When Brad Norris-Jones moved from the Victoria HarbourCats to Pacific FC, he created something for himself that would not have been possible when he was growing up in Victoria – a localized pro sports career.
“If I was going to work in pro sports in Victoria, I would have left when I was 21,” Norris-Jones said. “I thought of it, thought of going down to the States and doing kind of stuff. Probably could have carved out a career doing that. It probably would have been hockey at that time.”
Instead, Norris-Jones started a sports memorabilia store in 1990. He ran that store for almost 20 years, but was forced to close down when the economy went south during the great recession. During the course of his run with the store he supplied wholesale product to the biggest leagues in the U.S, including the NHL.
In the meantime, he had all of his kids playing sports—nine in total. One of his two sons, Kelly, became a late 2010 draft pick of the Toronto Blue Jays. He ended up foregoing the chance to enter the Jays minor league system, instead opting to pursue a collegiate career with the University of Illinois.
“When Kelly got drafted by the Blue Jays, you learn the pro scene real quick,” Norris-Jones said. “The money just wasn’t there for his draft position, and the money for the scholarship was a pretty next level scholarship. So as a family we made that decision.”
When the opportunity came to join the HarbourCats, Norris-Jones said he was uniquely positioned to have success working a collegiate summer league. He had the business acumen through wholesale selling to pro teams, and a player’s perspective through his son’s collegiate career. He became the HarbourCats’ GM in 2016, and seemed poised to stay in the baseball business.
“I thought I’d be with baseball forever, I thought I’d end in the baseball game,” Norris-Jones said. “I never thought I could work in a pro league, and when that opportunity came, I’m taking it. Because that’s as high of a level as anyone can go.”

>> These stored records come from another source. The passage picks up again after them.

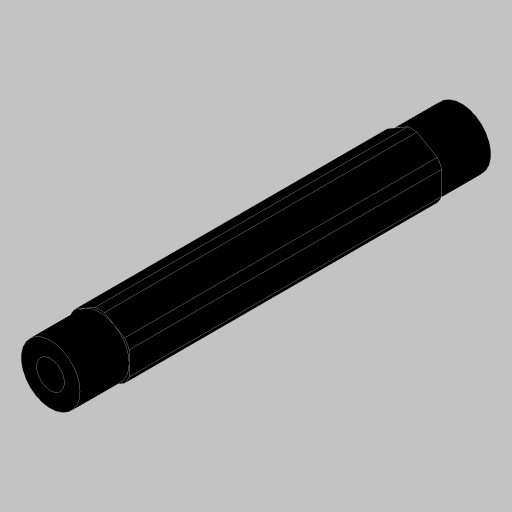
# Autodesk Inventor part: GP10-008
Saved by Autodesk Inventor 2023.5 (Build 275446000, 446)
## iProperties
RuleStatus: InUse
Created: 2025-03-09
Part Number: GP10-008
Material: Aluminum 6061
Document SubType Name: Modeling
Designer: brand
Mass: 8.50758 g
Surface Area: 25.7449 cm^2
Volume: 3.15096 cm^3
Density: 2.7 g/cm^3
Appearance: Anodized - Black
AfterDocNew0: SHOW
AfterDocOpen0: SHOW
AfterDocOpen1: size
AfterDocOpen2: thunder
BeforeDocSave0: size
BeforeDocSave1: thunder
AfterFeatureSuppressionChange0: thunder
AfterFeatureSuppressionChange1: size
PartBodyChanged0: thunder
PartBodyChanged1: size
AfterMaterialChange0: thunder
AfterMaterialChange1: size
Author: brand
Autodesk Inventor part; units mm, degrees
ref_plane "YZ Plane" through (0, 0, 0) normal (1, 0, 0) x (0, 1, 0)
ref_plane "XZ Plane" through (0, 0, 0) normal (0, 1, 0) x (-1, 0, 0)
ref_plane "XY Plane" through (0, 0, 0) normal (0, 0, 1) x (1, 0, 0)
sketch "Sketch1" plane through (0, 0, 0) normal (0, 0, 1) x (1, 0, 0)
  line L0 (-4.7625, -2.749631) -> (-4.7625, 2.749631)
  line L1 (-4.7625, 2.749631) -> (0, 5.499261)
  line L2 (0, 5.499261) -> (4.7625, 2.749631)
  line L3 (4.7625, 2.749631) -> (4.7625, -2.749631)
  line L4 (4.7625, -2.749631) -> (0, -5.499261)
  line L5 (0, -5.499261) -> (-4.7625, -2.749631)
  point P0 (0, 0)
  point P1 (0, 0)
  dimension "Size" = 9.525
  constraints: 12 end point, 1 coincident, 1 vertical alignment, 13 other
  measures "Size" distance between parallel lines of L3 L0
extrude "Extrusion1" add sketch "Sketch1" along normal mid plane 66.294
sketch "Sketch3" plane through (0, 0, 33.147) normal (0, 0, 1) x (1, 0, 0)
  line L0 (-4.7625, 2.749631) -> (0, 5.499261) construction
  line L1 (0, 5.499261) -> (4.7625, 2.749631) construction
  line L2 (4.7625, 2.749631) -> (4.7625, -2.749631) construction
  line L3 (4.7625, -2.749631) -> (0, -5.499261) construction
  line L4 (0, -5.499261) -> (-4.7625, -2.749631) construction
  line L5 (-4.7625, -2.749631) -> (-4.7625, 2.749631) construction
  point P0 (0, 0)
hole "Hole1" at (0, 0, 33.147) direction (0, 0, -1) diameter 4.4958 end through all
sketch "Sketch4" plane through (0, 0, 33.147) normal (0, 0, 1) x (1, 0, 0)
  circle A0 centre (0, 0) radius 2.2479 construction
  line L0 (-4.7625, 2.749631) -> (0, 5.499261) construction
  line L1 (0, 5.499261) -> (4.7625, 2.749631) construction
  line L2 (4.7625, 2.749631) -> (4.7625, -2.749631) construction
  line L3 (4.7625, -2.749631) -> (0, -5.499261) construction
  line L4 (0, -5.499261) -> (-4.7625, -2.749631) construction
  line L5 (-4.7625, -2.749631) -> (-4.7625, 2.749631) construction
  circle A1 centre (0, 0) radius 5.12445
  circle A2 centre (0, 0) radius 8.89
  dimension "thunder" = 10.2489
  dimension "d16" = 17.78
  constraints: 2 centre point, 2 coincident
  measures "thunder" diameter of A1
  measures "d16" diameter of A2
extrude "Extrusion3" cut sketch "Sketch4" against normal through all
sketch "Sketch5" plane through (0, 0, 33.147) normal (0, 0, 1) x (1, 0, 0)
  circle A0 centre (0, 0) radius 2.2479
  circle A1 centre (0, 0) radius 4.7625
  line L0 (4.7625, -1.891714) -> (4.7625, 1.891714)
  line L1 (4.019522, 3.178589) -> (0.742978, 5.070303)
  line L2 (-0.742978, 5.070303) -> (-4.019522, 3.178589)
  line L3 (-4.7625, 1.891714) -> (-4.7625, -1.891714)
  line L4 (-4.019522, -3.178589) -> (-0.742978, -5.070303)
  line L5 (0.742978, -5.070303) -> (4.019522, -3.178589)
  circle A2 centre (0, 0) radius 2.2479
  arc A3 (4.019522, -3.178589) -> (4.7625, -1.891714) centre (0, 0) ccw
  arc A4 (4.7625, 1.891714) -> (4.019522, 3.178589) centre (0, 0) ccw
  arc A5 (0.742978, 5.070303) -> (-0.742978, 5.070303) centre (0, 0) ccw
  arc A6 (-4.019522, 3.178589) -> (-4.7625, 1.891714) centre (0, 0) ccw
  arc A7 (-4.7625, -1.891714) -> (-4.019522, -3.178589) centre (0, 0) ccw
  arc A8 (-0.742978, -5.070303) -> (0.742978, -5.070303) centre (0, 0) ccw
  point P0 (2.38125, -4.124446)
  point P1 (-2.38125, -4.124446)
  point P2 (-4.7625, 0)
  point P3 (-2.38125, 4.124446)
  point P4 (2.38125, 4.124446)
  point P5 (4.7625, 0)
  dimension "d21" = 9.525
  constraints: 1 centre point, 1 coincident
  measures "d21" diameter of A1
extrude "Extrusion4" cut sketch "Sketch5" against normal blind 7.9248 contours L0 A3 L5 A1 | A1 L1 A4 L0 | A1 L2 A5 L1 | L5 A8 L4 A1 | A1 L3 A6 L2 | L4 A7 L3 A1
mirror "Mirror2" about plane through (0, 0, 0) normal (0, 0, 1) of "Extrusion4"
equation "\"bearing\" = 25.4"
body "Solid1"
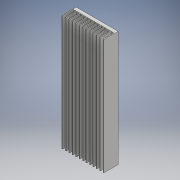
# Autodesk Inventor part: heat sink
Saved by Autodesk Inventor 2018 (Build 220112000, 112)
## iProperties
Created: 2018-06-04
Part Number: heat sink
Material: Generic
Document SubType Name: Modeling
Designer: John Viljoen
Density: 1 g/cm^3
Appearance: Default
Author: John Viljoen
Autodesk Inventor part; units mm, degrees
ref_plane "YZ Plane" through (0, 0, 0) normal (1, 0, 0) x (0, 1, 0)
ref_plane "XZ Plane" through (0, 0, 0) normal (0, 1, 0) x (-1, 0, 0)
ref_plane "XY Plane" through (0, 0, 0) normal (0, 0, 1) x (1, 0, 0)
sketch "Sketch4" plane through (0, 0, 0) normal (0, 0, 1) x (1, 0, 0)
  line L0 (0, 0) -> (97.04, 0)
  line L1 (97.04, 0) -> (97.04, 7.8)
  line L2 (97.04, 7.8) -> (0, 7.8)
  line L3 (0, 7.8) -> (0, 0)
  dimension "d15" = 97.04
  dimension "d16" = 7.8
  constraints: 8 end point, 2 horizontal, 2 perpendicular
  measures "d15" distance of L0.start L0.end
  measures "d16" distance of L0.end L1.end
extrude "Extrusion3" add sketch "Sketch4" along normal blind 267
sketch "Sketch5" plane through (0, 0, 267) normal (0, 0, 1) x (1, 0, 0)
  line L0 (0, 0) -> (97.04, 0) projected
  line L1 (0, 0) -> (1.8, 0)
  line L2 (1.8, 0) -> (1.8, -25.2)
  line L3 (1.8, -25.2) -> (0, -25.2)
  line L4 (0, -25.2) -> (0, 0)
  line L5 (9.7367, 0) -> (9.7367, -25.2)
  line L6 (7.9367, 0) -> (9.7367, 0)
  line L7 (7.9367, -25.2) -> (7.9367, 0)
  line L8 (9.7367, -25.2) -> (7.9367, -25.2)
  line L9 (17.6733, 0) -> (17.6733, -25.2)
  line L10 (15.8733, 0) -> (17.6733, 0)
  line L11 (15.8733, -25.2) -> (15.8733, 0)
  line L12 (17.6733, -25.2) -> (15.8733, -25.2)
  line L13 (25.61, 0) -> (25.61, -25.2)
  line L14 (23.81, 0) -> (25.61, 0)
  line L15 (23.81, -25.2) -> (23.81, 0)
  line L16 (25.61, -25.2) -> (23.81, -25.2)
  line L17 (33.5467, 0) -> (33.5467, -25.2)
  line L18 (31.7467, 0) -> (33.5467, 0)
  line L19 (31.7467, -25.2) -> (31.7467, 0)
  line L20 (33.5467, -25.2) -> (31.7467, -25.2)
  line L21 (41.4833, 0) -> (41.4833, -25.2)
  line L22 (39.6833, 0) -> (41.4833, 0)
  line L23 (39.6833, -25.2) -> (39.6833, 0)
  line L24 (41.4833, -25.2) -> (39.6833, -25.2)
  line L25 (49.42, 0) -> (49.42, -25.2)
  line L26 (47.62, 0) -> (49.42, 0)
  line L27 (47.62, -25.2) -> (47.62, 0)
  line L28 (49.42, -25.2) -> (47.62, -25.2)
  line L29 (57.3567, 0) -> (57.3567, -25.2)
  line L30 (55.5567, 0) -> (57.3567, 0)
  line L31 (55.5567, -25.2) -> (55.5567, 0)
  line L32 (57.3567, -25.2) -> (55.5567, -25.2)
  line L33 (65.2933, 0) -> (65.2933, -25.2)
  line L34 (63.4933, 0) -> (65.2933, 0)
  line L35 (63.4933, -25.2) -> (63.4933, 0)
  line L36 (65.2933, -25.2) -> (63.4933, -25.2)
  line L37 (73.23, 0) -> (73.23, -25.2)
  line L38 (71.43, 0) -> (73.23, 0)
  line L39 (71.43, -25.2) -> (71.43, 0)
  line L40 (73.23, -25.2) -> (71.43, -25.2)
  line L41 (81.1667, 0) -> (81.1667, -25.2)
  line L42 (79.3667, 0) -> (81.1667, 0)
  line L43 (79.3667, -25.2) -> (79.3667, 0)
  line L44 (81.1667, -25.2) -> (79.3667, -25.2)
  line L45 (89.1033, 0) -> (89.1033, -25.2)
  line L46 (87.3033, 0) -> (89.1033, 0)
  line L47 (87.3033, -25.2) -> (87.3033, 0)
  line L48 (89.1033, -25.2) -> (87.3033, -25.2)
  line L49 (97.04, 0) -> (97.04, -25.2)
  line L50 (95.24, 0) -> (97.04, 0)
  line L51 (95.24, -25.2) -> (95.24, 0)
  line L52 (97.04, -25.2) -> (95.24, -25.2)
  dimension "d19" = 1.8
  dimension "d20" = 25.2
  dimension "d23" = 7.9367
  constraints: 104 end point, 2 horizontal, 2 parallel, 1 perpendicular, 96 other
  measures "d19" distance of L2.end L3.end
  measures "d20" distance of L1.end L2.end
  measures "d23" distance of L1.end L5.start
extrude "Extrusion4" add sketch "Sketch5" against normal up to surface (267 mm away)
body "Solid2"
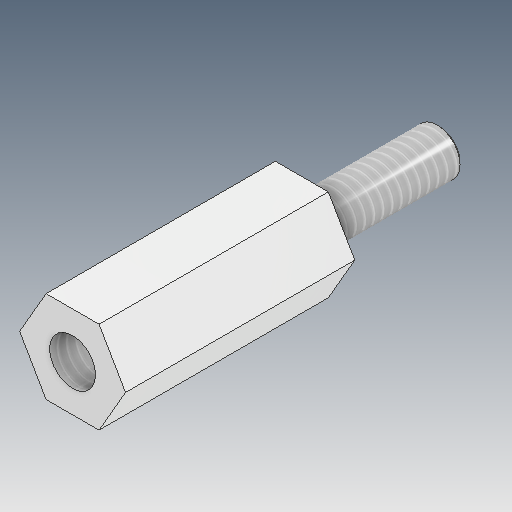
# Autodesk Inventor part: Espaciador de Plástico M2 L10
Saved by Autodesk Inventor 2020 (Build 240168000, 168)
## iProperties
Created: 2020-08-20
Part Number: Espaciador de Plástico M2 L10
Material: Brass, Soft Yellow
Document SubType Name: Modeling
Designer: Dante
Density: 8.47 g/cm^3
Appearance: PVC - White
Author: Dante
Autodesk Inventor part; units mm, degrees
ref_plane "YZ Plane" through (0, 0, 0) normal (1, 0, 0) x (0, 1, 0)
ref_plane "XZ Plane" through (0, 0, 0) normal (0, 1, 0) x (-1, 0, 0)
ref_plane "XY Plane" through (0, 0, 0) normal (0, 0, 1) x (1, 0, 0)
sketch "Sketch1" plane through (0, 0, 0) normal (0, 0, 1) x (1, 0, 0)
  line L0 (-7.5896, 2.5423) -> (-6.4349, 4.5423)
  line L1 (-6.4349, 4.5423) -> (-4.1255, 4.5423)
  line L2 (-4.1255, 4.5423) -> (-2.9708, 2.5423)
  line L3 (-2.9708, 2.5423) -> (-4.1255, 0.5423)
  line L4 (-4.1255, 0.5423) -> (-6.4349, 0.5423)
  line L5 (-6.4349, 0.5423) -> (-7.5896, 2.5423)
  circle A0 centre (-5.2802, 2.5423) radius 1
  dimension "d0" = 4
  dimension "d1" = 2
  constraints: 12 end point, 1 centre point, 1 coincident, 13 other
  measures "d0" distance between parallel lines of L4 L1
  measures "d1" diameter of A0
extrude "Extrusion1" add sketch "Sketch1" along normal blind 10 contours L0 L1 L2 L3 L4 L5 | A0
extrude "Extrusion2" add sketch "Sketch1" against normal blind 6 contours A0
sketch "Sketch2" plane through (0, 0, 10) normal (0, 0, 1) x (1, 0, 0)
  circle A0 centre (-5.2802, 2.5423) radius 1 projected
  circle A1 centre (-5.2802, 2.5423) radius 1.5
  point P0 (0, 0)
  constraints: 1 centre point, 1 coincident
hole "Hole1" at (-5.2802, 2.5423, 10) direction (0, 0, -1) diameter 2 depth 7 tip angle 120
chamfer "Chamfer1" distance 0.1 angle 45 1 edges at (-6.2802, 2.5423, -6)
thread "Thread3" size "M2x0.4" class "6g" standard "ISO Metric profile" length 6
thread "Thread4" size "M2x0.4" class "6H" standard "ISO Metric profile" length 6
body "Solid1"
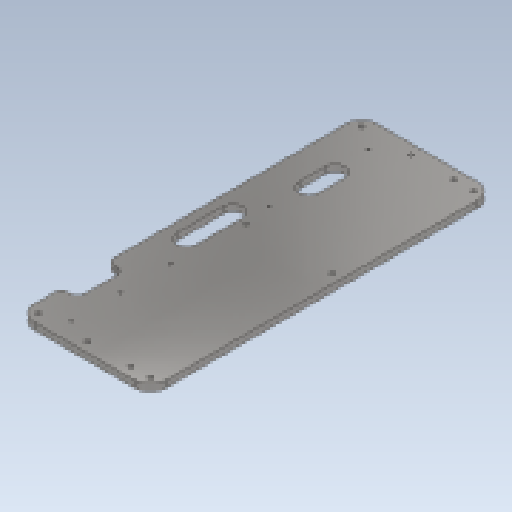
# Autodesk Inventor part: Current_plate
Saved by Autodesk Inventor 2025.2 (Build 292293000, 293)
## iProperties
Created: 2025-02-20
Part Number: Current_plate
Material: Stainless Steel
Document SubType Name: Modeling
Designer: Sergio Quintero
Density: 8 g/cm^3
Appearance: Semi-Polished
Mass: 8245.1 g
Surface Area: 2223.4 cm^2
Volume: 1030.64 cm^3
Author: Sergio Quintero
Autodesk Inventor part; units mm, degrees
note: some values were not read from the file. Chosen so that the rebuilt part matches the saved one: pattern direction of "Rectangular Pattern1".
ref_plane "YZ Plane" through (0, 0, 0) normal (1, 0, 0) x (0, 1, 0)
ref_plane "XZ Plane" through (0, 0, 0) normal (0, 1, 0) x (-1, 0, 0)
ref_plane "XY Plane" through (0, 0, 0) normal (0, 0, 1) x (1, 0, 0)
sketch "Sketch1" plane through (0, 0, 0) normal (0, 1, 0) x (-1, 0, 0)
  line L0 (-100, -260) -> (100, -260)
  line L1 (100, -260) -> (100, 260)
  line L2 (100, 260) -> (-100, 260)
  line L3 (-100, 260) -> (-100, -260)
  line L4 (-100, -260) -> (100, 260) construction
  line L5 (100, -260) -> (-100, 260) construction
  point P0 (0, 0)
  dimension "d0" = 200
  dimension "d1" = 520
  constraints: 12 end point, 2 midpoint, 2 parallel, 1 horizontal, 1 perpendicular
  measures "d0" distance of L2.end L1.end
  measures "d1" distance of L1.end L0.end
extrude "Extrusion1" add sketch "Sketch1" along normal blind 10
fillet "Fillet1" radius 25 4 edges at (-100, 5, -260) (-100, 5, 260) (100, 5, 260) (100, 5, -260)
sketch "Sketch2" plane through (0, 10, 0) normal (0, 1, 0) x (1, 0, 0)
  line L0 (100, -235) -> (100, 235) projected
  line L1 (-75, -260) -> (75, -260) projected
  point P0 (0, 0)
  point P1 (85, -245)
  dimension "d5" = 15
  dimension "d6" = 15
  measures "d5" distance from line of L0 point (85, -245)
  measures "d6" distance from line of point (85, -245) L1
hole "Hole1" at (85, 10, 245) direction (0, -1, 0) diameter 6.647 end through all thread size "M8x1.25" class "6H" standard "ISO Metric profile"
pattern_linear "Rectangular Pattern1" count 2 spacing 170 along (-1, 0, 0) count 2 spacing 490 along (0, 0, -1) of "Hole1"
sketch "Sketch3" plane through (0, 10, 0) normal (0, 1, 0) x (1, 0, 0)
  line L0 (-75, -260) -> (75, -260) projected
  line L1 (-100, 235) -> (-100, -235) projected
  point P0 (0, 0)
  point P1 (-10, -245)
  point P2 (55, -245)
  dimension "d20" = 15
  dimension "d21" = 90
  dimension "d22" = 65
  dimension "d23" = 15
  measures "d20" distance from line of L0 point (-10, -245)
  measures "d21" distance from line of L1 point (-10, -245)
  measures "d22" distance of point (-10, -245) point (55, -245)
  measures "d23" distance from line of L0 point (55, -245)
hole "Hole2" at (-10, 10, 245) at (55, 10, 245) direction (0, -1, 0) diameter 6.647 end through all thread size "M8x1.25" class "6H" standard "ISO Metric profile"
mirror "Mirror1" about plane through (0, 0, 0) normal (0, 0, 1) of "Hole2"
sketch "Sketch4" plane through (0, 10, 0) normal (0, 1, 0) x (1, 0, 0)
  line L0 (75, 260) -> (-75, 260) projected
  line L1 (100, -235) -> (100, 235) projected
  point P0 (0, 0)
  point P1 (-45, 30)
  point P2 (85, 30)
  dimension "d31" = 230
  dimension "d32" = 145
  dimension "d33" = 230
  dimension "d34" = 15
  measures "d31" distance from line of L0 point (-45, 30)
  measures "d32" distance from line of L1 point (-45, 30)
  measures "d33" distance from line of L0 point (85, 30)
  measures "d34" distance from line of L1 point (85, 30)
hole "Hole3" at (-45, 10, -30) at (85, 10, -30) direction (0, -1, 0) diameter 6.647 end through all thread size "M8x1.25" class "6H" standard "ISO Metric profile"
sketch "Sketch8" plane through (0, 10, 0) normal (0, 1, 0) x (1, 0, 0)
  line L0 (-100, 235) -> (-100, -235) projected
  line L1 (-100, -125) -> (-75, -125)
  line L2 (-75, -125) -> (-75, -195)
  line L3 (-75, -195) -> (-100, -195)
  line L4 (-100, -195) -> (-100, -125)
  line L5 (-75, -260) -> (75, -260) projected
  point P0 (0, 0)
  dimension "d72" = 25
  dimension "d73" = 70
  dimension "d74" = 65
  constraints: 8 end point, 2 parallel, 1 horizontal, 1 perpendicular, 1 point on line
  measures "d72" distance of L2.end L3.end
  measures "d73" distance of L1.end L2.end
  measures "d74" distance between parallel lines of L5 L3
extrude "Extrusion2" cut sketch "Sketch8" against normal blind 10
fillet "Fillet2" radius 10 4 edges at (-100, 5, 125) (-75, 5, 125) (-100, 5, 195) (-75, 5, 195)
sketch "Sketch9" plane through (0, 10, 0) normal (0, 1, 0) x (1, 0, 0)
  line L0 (-55, 50) -> (-85, 50)
  line L1 (-85, 50) -> (-85, -50)
  line L2 (-85, -50) -> (-55, -50)
  line L3 (-55, -50) -> (-55, 50)
  line L4 (-100, 235) -> (-100, -115) projected
  line L5 (75, 260) -> (-75, 260) projected
  point P0 (0, 0)
  dimension "d78" = 30
  dimension "d79" = 100
  dimension "d80" = 15
  dimension "d81" = 210
  constraints: 8 end point, 2 parallel, 1 horizontal, 1 perpendicular
  measures "d78" distance of L2.end L1.end
  measures "d79" distance of L1.end L0.end
  measures "d80" distance between parallel lines of L4 L1
  measures "d81" distance between parallel lines of L0 L5
extrude "Extrusion3" cut sketch "Sketch9" against normal blind 10
fillet "Fillet3" radius 15 4 edges at (-55, 5, -50) (-55, 5, 50) (-85, 5, 50) (-85, 5, -50)
sketch "Sketch10" plane through (0, 10, 0) normal (0, 1, 0) x (1, 0, 0)
  line L0 (-30, 180) -> (-60, 180)
  line L1 (-60, 180) -> (-60, 110)
  line L2 (-60, 110) -> (-30, 110)
  line L3 (-30, 110) -> (-30, 180)
  line L4 (-100, 235) -> (-100, -115) projected
  line L5 (75, 260) -> (-75, 260) projected
  point P0 (0, 0)
  dimension "d85" = 30
  dimension "d86" = 70
  dimension "d87" = 40
  dimension "d88" = 80
  constraints: 8 end point, 2 parallel, 1 horizontal, 1 perpendicular
  measures "d85" distance of L2.end L1.end
  measures "d86" distance of L1.end L0.end
  measures "d87" distance between parallel lines of L4 L1
  measures "d88" distance between parallel lines of L5 L0
extrude "Extrusion4" cut sketch "Sketch10" against normal blind 10
fillet "Fillet4" radius 15 4 edges at (-60, 5, -110) (-60, 5, -180) (-30, 5, -180) (-30, 5, -110)
sketch "Sketch11" plane through (0, 10, 0) normal (0, 1, 0) x (1, 0, 0)
  line L0 (-100, 235) -> (-100, -115) projected
  line L1 (-100, -205) -> (-100, -235) projected
  line L2 (75, 260) -> (-75, 260) projected
  line L3 (-75, -260) -> (75, -260) projected
  point P0 (0, 0)
  point P1 (-50, 220)
  point P2 (-50, 70)
  point P3 (-50, -80)
  point P4 (-50, -155)
  point P5 (-50, -230)
  dimension "d92" = 50
  dimension "d93" = 50
  dimension "d94" = 50
  dimension "d95" = 50
  dimension "d96" = 50
  dimension "d97" = 40
  dimension "d98" = 190
  dimension "d99" = 180
  dimension "d100" = 105
  dimension "d101" = 30
  measures "d92" distance from line of L0 point (-50, 220)
  measures "d93" distance from line of L0 point (-50, 70)
  measures "d94" distance from line of L0 point (-50, -80)
  measures "d95" distance from line of L0 point (-50, -155)
  measures "d96" distance from line of L1 point (-50, -230)
  measures "d97" distance from line of L2 point (-50, 220)
  measures "d98" distance from line of L2 point (-50, 70)
  measures "d99" distance from line of L3 point (-50, -80)
  measures "d100" distance from line of L3 point (-50, -155)
  measures "d101" distance from line of L3 point (-50, -230)
hole "Hole7" at (-50, 10, -220) at (-50, 10, -70) at (-50, 10, 80) at (-50, 10, 155) at (-50, 10, 230) direction (0, -1, 0) diameter 4.134 end through all thread size "M5x0.8" class "6H" standard "ISO Metric profile"
body "Solid1"

Norris-Jones was announced as the new executive vice-president of operations for Pacific FC on Feb. 2. He cites his business acumen, sports history and understanding of the community as key assets he hopes will bring him success at the pro level.
“Do I think for a second that I’m really fortunate and lucky to work in sports? I’ve worked in sports all my life,” Norris-Jones said. “Very, very few people can claim that. And does everybody want my job? Oh yeah. I’ve heard it.”